Only time will tell, but to me logic says the best way to show which of the above are not the case would be for the Russian military assembled on the Ukrainian border to go back to barracks: then we could see some risk on again. Yet until then many of those finally discussing this in markets retain the deeply held view that war can’t happen because it would be bad for assets: as Bloomberg reports, some on Wall Street believe a potential Ukraine war could be a ‘Polar Vortex’ risk to stocks that could tip economies into recession. As such, it is far easier for many to just keep saying “khorasho”, not horror-show.

But “Viddy well, little brother, viddy well.”

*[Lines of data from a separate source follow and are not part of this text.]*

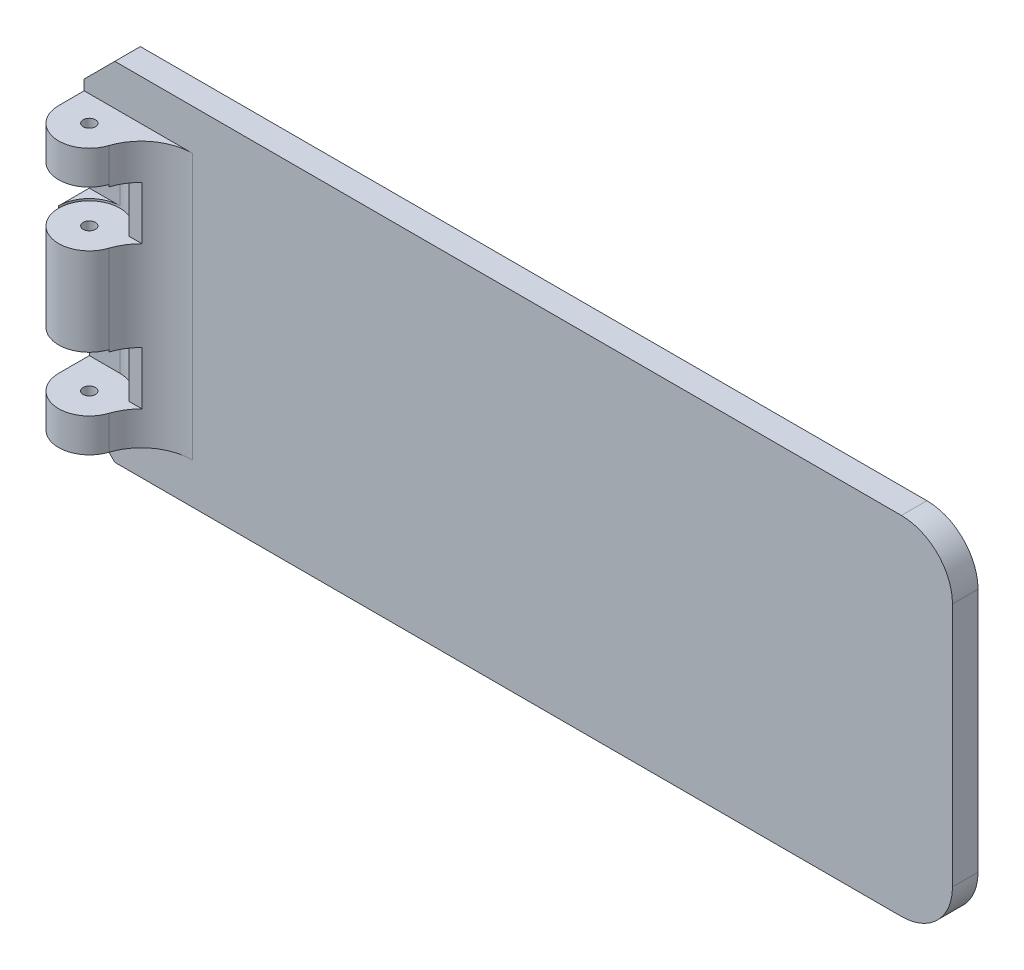
SolidWorks part; units mm, degrees
ref_plane "Front Plane" through (0, 0, 0) normal (0, 0, 1) x (1, 0, 0)
ref_plane "Top Plane" through (0, 0, 0) normal (0, 1, 0) x (1, 0, 0)
ref_plane "Right Plane" through (0, 0, 0) normal (1, 0, 0) x (0, 0, -1)
sketch "Sketch1" plane through (0, 0, 0) normal (0, 1, 0) x (1, 0, 0)
  line L0 (3, 0) -> (3, -11.9691) construction
  line L1 (0, 0) -> (85, 0)
  line L2 (0, 0) -> (0, -2.5)
  line L3 (0, -2.5) -> (85, -2.5)
  line L4 (85, 0) -> (85, -2.5)
  line L5 (0, -5) -> (0, -2.5)
  line L6 (0, -2.5) -> (3, -2.5)
  line L7 (3, -2.5) -> (0, -5)
  circle A0 centre (3, -5) radius 0.6
  circle A1 centre (3, -5) radius 3
  dimension "D3" = 3
  dimension "D1" = 85
  dimension "D2" = 2.5
  dimension "D4" = 5
extrude "Boss-Extrude1" add sketch "Sketch1" along normal blind 34 contours L1 L0 A1 L3 L4 | L0 L1 L2 L3 A1 | A1 L3 L5 | L0 L7 A1 A0 | L3 L0 A0 A1 | L6 A1 L7 | L0 A1 L6 | A1 L0 L3
fillet "Fillet1" radius 5 1 edges at (4.6583, 17, 2.5)
sketch "Sketch2" plane through (0, 0, 0) normal (0, 0, -1) x (-1, 0, 0)
  line L0 (0, 17) -> (-85, 17) construction
  line L3 (0, 34) -> (0, 0) construction
  line L4 (-85, 34) -> (-85, 0) construction
  line L5 (0, 10) -> (-43.2696, 10) construction
  line L6 (0, 24) -> (-43.2696, 24) construction
  dimension "D1" = 7
  dimension "D2" = 7
ref_plane "Plane1" through (0, 10, 0) normal (0, 1, 0) x (1, 0, 0)
ref_plane "Plane2" through (0, 24, 0) normal (0, 1, 0) x (1, 0, 0)
sketch "Sketch3" plane through (0, 24, 0) normal (0, 1, 0) x (1, 0, 0)
  circle A0 centre (3, -5) radius 3
extrude "Cut-Extrude1" cut sketch "Sketch3" against normal blind 2.7 and the other way blind 2.7
sketch "Sketch5" plane through (0, 24, 0) normal (0, 1, 0) x (1, 0, 0)
  line L0 (3, -2) -> (-2.0945, -2)
  line L1 (-2.0945, -2) -> (-2.0945, -6.1355)
  line L2 (-2.0945, -6.1355) -> (2.7202, -6.1355)
  line L3 (2.7202, -6.1355) -> (3, -2)
  arc A0 (5.8498, -5.9375) -> (0, -5) centre (3, -5) ccw construction
extrude "Cut-Extrude2" cut sketch "Sketch5" against normal blind 2.5 and the other way blind 2.5
sketch "Sketch6" plane through (0, 10, 0) normal (0, 1, 0) x (1, 0, 0)
  line L0 (3, -2) -> (0, -2)
  line L1 (0, 0) -> (0, -5) construction
  line L2 (0, -2) -> (0, -5)
  circle A0 centre (3, -5) radius 3
extrude "Cut-Extrude3" cut sketch "Sketch6" against normal blind 2.7 and the other way blind 2.7 contours A0 | A0 L0 L2
sketch "Sketch7" plane through (0, 34, 0) normal (0, 1, 0) x (1, 0, 0)
  line L0 (10.5993, -2.5) -> (85, -2.5) construction
  line L1 (14.8947, -2.5) -> (-5.5535, -2.5)
  line L2 (14.8947, -2.5) -> (14.8947, -12.2075)
  line L3 (14.8947, -12.2075) -> (-5.5535, -12.2075)
  line L4 (-5.5535, -2.5) -> (-5.5535, -12.2075)
extrude "Cut-Extrude4" cut sketch "Sketch7" against normal blind 4
sketch "Sketch8" plane through (0, 0, 0) normal (0, -1, 0) x (1, 0, 0)
  line L0 (10.5993, 2.5) -> (85, 2.5) construction
  line L1 (14.4693, 2.5) -> (-7.0314, 2.5)
  line L2 (14.4693, 2.5) -> (14.4693, 10.5053)
  line L3 (14.4693, 10.5053) -> (-7.0314, 10.5053)
  line L4 (-7.0314, 2.5) -> (-7.0314, 10.5053)
extrude "Cut-Extrude5" cut sketch "Sketch8" against normal blind 4
chamfer "Chamfer1" distance 3 angle 45 2 edges at (0, 34, 1.25) (0, 0, 1.25)
fillet "Fillet2" radius 5 2 edges at (85, 0, 1.25) (85, 34, 1.25)
ref_plane "Plane3" through (0, 0, 5.9375) normal (0, 0, 1) x (1, 0, 0)
sketch "Sketch9" plane through (0, 0, 5.9375) normal (0, 0, 1) x (1, 0, 0)
  line L0 (5.8498, 7.3) -> (0, 7.3) construction
  line L1 (3.4675, 7.3) -> (8.9635, 7.3)
  line L2 (3.4675, 7.3) -> (3.4675, 12.5)
  line L3 (3.4675, 12.5) -> (8.9635, 12.5)
  line L4 (8.9635, 7.3) -> (8.9635, 12.5)
  line L5 (5.8498, 21.3) -> (0, 21.3) construction
  line L6 (3, 21.3) -> (8.5264, 21.3)
  line L7 (3, 21.3) -> (3, 26.5)
  line L8 (3, 26.5) -> (8.5264, 26.5)
  line L9 (8.5264, 21.3) -> (8.5264, 26.5)
  line L10 (6, 21.3) -> (0, 21.3) construction
extrude "Cut-Extrude6" cut sketch "Sketch9" against normal blind 2

Meanwhile, although not market-moving against the current backdrop, there has been a major development in Canada. Truckers and their supporters have been protesting across the country for weeks, and in response to the resultant economic disruption Prime Minister Trudeau has introduced emergency powers that allow the freezing of bank accounts and financial assets without a court order and including crowd-funding websites and crypto assets under anti-money laundering and terrorism legislation. Tow-truck owners will also be “compelled” to remove trucks and trailers blocking roads, which they are so far refusing to do out of sympathy. (But how?) It remains to be seen if this draconian regulatory escalation is met by protests now ending or escalating in turn to be even more disruptive – as has happened so far. Let’s hope another ‘hot’ situation in cold land can be resolved “khorasho” and not horror-show. Yet in the same way that Russia’s recent actions have rapidly changed how the West and investors need to look at political-economy and markets, so perhaps do Canada’s: once again, think of the old economic arguments about the relative value of (relative kinds of) money – and of goods, and who provides them.

“You can viddy that everything in this wicked world counts. You can pony that one thing always leads to another. Right right right.”

“You have no cause to grumble boy. You made your choice and all this is a consequence of your choice. Whatever now ensues is what you yourself have chosen.”